About this exercise: Set down exactly the lines in the records below that run from the line with "#71=VERTEX_POINT('',#70);" to the line with "#92=CARTESIAN_POINT('',(1.5,4.,0.));", inclusive, and nothing more.

Data section:
# # #
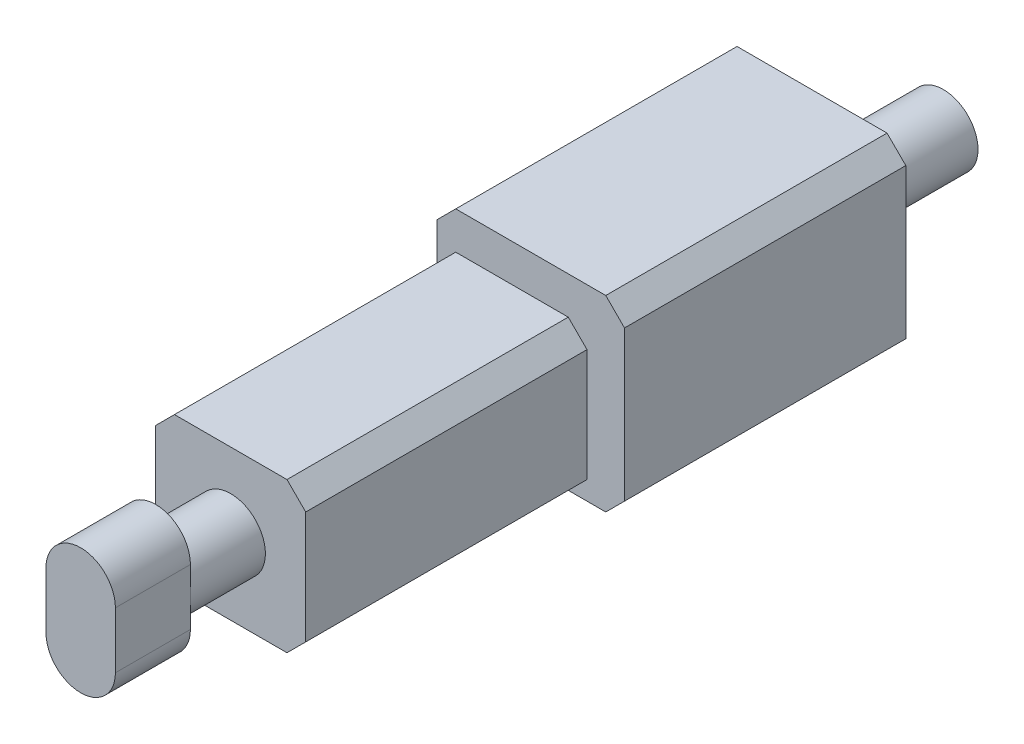
ISO-10303-21;
HEADER;
FILE_DESCRIPTION(('STEP AP214'),'2;1');
FILE_NAME('part.step','',(''),(''),'','','');
FILE_SCHEMA(('AUTOMOTIVE_DESIGN { 1 0 10303 214 1 1 1 1 }'));
ENDSEC;
DATA;
#1=APPLICATION_CONTEXT('core data for automotive mechanical design processes');
#2=APPLICATION_PROTOCOL_DEFINITION('international standard','automotive_design',2000,#1);
#3=PRODUCT_CONTEXT('',#1,'mechanical');
#4=PRODUCT('Part','Part','',(#3));
#5=PRODUCT_RELATED_PRODUCT_CATEGORY('part','',(#4));
#6=PRODUCT_DEFINITION_FORMATION('','',#4);
#7=PRODUCT_DEFINITION_CONTEXT('part definition',#1,'design');
#8=PRODUCT_DEFINITION('design','',#6,#7);
#9=PRODUCT_DEFINITION_SHAPE('','',#8);
#10=(LENGTH_UNIT() NAMED_UNIT(*) SI_UNIT(.MILLI.,.METRE.));
#11=(NAMED_UNIT(*) PLANE_ANGLE_UNIT() SI_UNIT($,.RADIAN.));
#12=(NAMED_UNIT(*) SI_UNIT($,.STERADIAN.) SOLID_ANGLE_UNIT());
#13=UNCERTAINTY_MEASURE_WITH_UNIT(LENGTH_MEASURE(1.E-05),#10,'distance_accuracy_value','');
#14=(GEOMETRIC_REPRESENTATION_CONTEXT(3) GLOBAL_UNCERTAINTY_ASSIGNED_CONTEXT((#13)) GLOBAL_UNIT_ASSIGNED_CONTEXT((#10,
#11,#12)) REPRESENTATION_CONTEXT('',''));
#15=CARTESIAN_POINT('',(0.,0.,0.));
#16=DIRECTION('',(0.,0.,1.));
#17=DIRECTION('',(1.,0.,0.));
#18=AXIS2_PLACEMENT_3D('',#15,#16,#17);
#19=CARTESIAN_POINT('',(2.,4.,7.5));
#20=DIRECTION('',(-1.,0.,0.));
#21=DIRECTION('',(0.,0.,1.));
#22=AXIS2_PLACEMENT_3D('',#19,#20,#21);
#23=PLANE('',#22);
#24=DIRECTION('',(0.,-1.,0.));
#25=VECTOR('',#24,1.);
#26=CARTESIAN_POINT('',(2.,4.,7.5));
#27=LINE('',#26,#25);
#28=CARTESIAN_POINT('',(2.,3.5,7.5));
#29=VERTEX_POINT('',#28);
#30=CARTESIAN_POINT('',(2.,0.5,7.5));
#31=VERTEX_POINT('',#30);
#32=EDGE_CURVE('E228',#29,#31,#27,.T.);
#33=ORIENTED_EDGE('',*,*,#32,.T.);
#34=DIRECTION('',(0.,0.,-1.));
#35=VECTOR('',#34,1.);
#36=CARTESIAN_POINT('',(2.,0.5,0.));
#37=LINE('',#36,#35);
#38=CARTESIAN_POINT('',(2.,0.5,0.));
#39=VERTEX_POINT('',#38);
#40=EDGE_CURVE('E321',#31,#39,#37,.T.);
#41=ORIENTED_EDGE('',*,*,#40,.T.);
#42=DIRECTION('',(0.,-1.,0.));
#43=VECTOR('',#42,1.);
#44=CARTESIAN_POINT('',(2.,4.,0.));
#45=LINE('',#44,#43);
#46=CARTESIAN_POINT('',(2.,3.5,0.));
#47=VERTEX_POINT('',#46);
#48=EDGE_CURVE('E336',#47,#39,#45,.T.);
#49=ORIENTED_EDGE('',*,*,#48,.F.);
#50=DIRECTION('',(0.,0.,1.));
#51=VECTOR('',#50,1.);
#52=CARTESIAN_POINT('',(2.,3.5,7.5));
#53=LINE('',#52,#51);
#54=EDGE_CURVE('E318',#47,#29,#53,.T.);
#55=ORIENTED_EDGE('',*,*,#54,.T.);
#56=EDGE_LOOP('',(#33,#41,#49,#55));
#57=FACE_BOUND('',#56,.T.);
#58=ADVANCED_FACE('F41',(#57),#23,.F.);
#59=CARTESIAN_POINT('',(0.,4.,0.));
#60=DIRECTION('',(0.,-1.,0.));
#61=DIRECTION('',(0.,0.,-1.));
#62=AXIS2_PLACEMENT_3D('',#59,#60,#61);
#63=PLANE('',#62);
#64=DIRECTION('',(1.,0.,0.));
#65=VECTOR('',#64,1.);
#66=CARTESIAN_POINT('',(0.,4.,0.));
#67=LINE('',#66,#65);
#68=CARTESIAN_POINT('',(-1.5,4.,0.));
#69=VERTEX_POINT('',#68);
#70=CARTESIAN_POINT('',(1.5,4.,0.));
#71=VERTEX_POINT('',#70);
#72=EDGE_CURVE('E385',#69,#71,#67,.T.);
#73=ORIENTED_EDGE('',*,*,#72,.F.);
#74=DIRECTION('',(0.,0.,1.));
#75=VECTOR('',#74,1.);
#76=CARTESIAN_POINT('',(-1.5,4.,0.));
#77=LINE('',#76,#75);
#78=CARTESIAN_POINT('',(-1.5,4.,7.5));
#79=VERTEX_POINT('',#78);
#80=EDGE_CURVE('E315',#69,#79,#77,.T.);
#81=ORIENTED_EDGE('',*,*,#80,.T.);
#82=DIRECTION('',(1.,0.,0.));
#83=VECTOR('',#82,1.);
#84=CARTESIAN_POINT('',(-2.,4.,7.5));
#85=LINE('',#84,#83);
#86=CARTESIAN_POINT('',(1.5,4.,7.5));
#87=VERTEX_POINT('',#86);
#88=EDGE_CURVE('E225',#79,#87,#85,.T.);
#89=ORIENTED_EDGE('',*,*,#88,.T.);
#90=DIRECTION('',(0.,0.,-1.));
#91=VECTOR('',#90,1.);
#92=CARTESIAN_POINT('',(1.5,4.,0.));
#93=LINE('',#92,#91);
#94=EDGE_CURVE('E311',#87,#71,#93,.T.);
#95=ORIENTED_EDGE('',*,*,#94,.T.);
#96=EDGE_LOOP('',(#73,#81,#89,#95));
#97=FACE_BOUND('',#96,.T.);
#98=ADVANCED_FACE('F460',(#97),#63,.F.);
#99=CARTESIAN_POINT('',(-2.,4.,-7.5));
#100=DIRECTION('',(0.,0.,1.));
#101=DIRECTION('',(1.,0.,0.));
#102=AXIS2_PLACEMENT_3D('',#99,#100,#101);
#103=PLANE('',#102);
#104=CARTESIAN_POINT('',(1.,2.83290341310044,-7.5));
#105=DIRECTION('',(0.,0.,1.));
#106=DIRECTION('',(1.,0.,0.));
#107=AXIS2_PLACEMENT_3D('',#104,#105,#106);
#108=CIRCLE('',#107,0.925);
#109=CARTESIAN_POINT('',(1.925,2.83290341310044,-7.5));
#110=VERTEX_POINT('',#109);
#111=EDGE_CURVE('E433',#110,#110,#108,.T.);
#112=ORIENTED_EDGE('',*,*,#111,.T.);
#113=EDGE_LOOP('',(#112));
#114=FACE_BOUND('',#113,.T.);
#115=DIRECTION('',(0.,1.,0.));
#116=VECTOR('',#115,1.);
#117=CARTESIAN_POINT('',(3.,0.,-7.5));
#118=LINE('',#117,#116);
#119=CARTESIAN_POINT('',(3.,0.5,-7.5));
#120=VERTEX_POINT('',#119);
#121=CARTESIAN_POINT('',(3.,4.5,-7.5));
#122=VERTEX_POINT('',#121);
#123=EDGE_CURVE('E375',#120,#122,#118,.T.);
#124=ORIENTED_EDGE('',*,*,#123,.F.);
#125=DIRECTION('',(0.707106781186545,0.70710678118655,0.));
#126=VECTOR('',#125,1.);
#127=CARTESIAN_POINT('',(2.5,0.,-7.5));
#128=LINE('',#127,#126);
#129=CARTESIAN_POINT('',(2.5,0.,-7.5));
#130=VERTEX_POINT('',#129);
#131=EDGE_CURVE('E280',#120,#130,#128,.F.);
#132=ORIENTED_EDGE('',*,*,#131,.T.);
#133=DIRECTION('',(-1.,0.,0.));
#134=VECTOR('',#133,1.);
#135=CARTESIAN_POINT('',(-2.,0.,-7.5));
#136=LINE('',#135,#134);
# # #
Output of the exercise:
#71=VERTEX_POINT('',#70);
#72=EDGE_CURVE('E385',#69,#71,#67,.T.);
#73=ORIENTED_EDGE('',*,*,#72,.F.);
#74=DIRECTION('',(0.,0.,1.));
#75=VECTOR('',#74,1.);
#76=CARTESIAN_POINT('',(-1.5,4.,0.));
#77=LINE('',#76,#75);
#78=CARTESIAN_POINT('',(-1.5,4.,7.5));
#79=VERTEX_POINT('',#78);
#80=EDGE_CURVE('E315',#69,#79,#77,.T.);
#81=ORIENTED_EDGE('',*,*,#80,.T.);
#82=DIRECTION('',(1.,0.,0.));
#83=VECTOR('',#82,1.);
#84=CARTESIAN_POINT('',(-2.,4.,7.5));
#85=LINE('',#84,#83);
#86=CARTESIAN_POINT('',(1.5,4.,7.5));
#87=VERTEX_POINT('',#86);
#88=EDGE_CURVE('E225',#79,#87,#85,.T.);
#89=ORIENTED_EDGE('',*,*,#88,.T.);
#90=DIRECTION('',(0.,0.,-1.));
#91=VECTOR('',#90,1.);
#92=CARTESIAN_POINT('',(1.5,4.,0.));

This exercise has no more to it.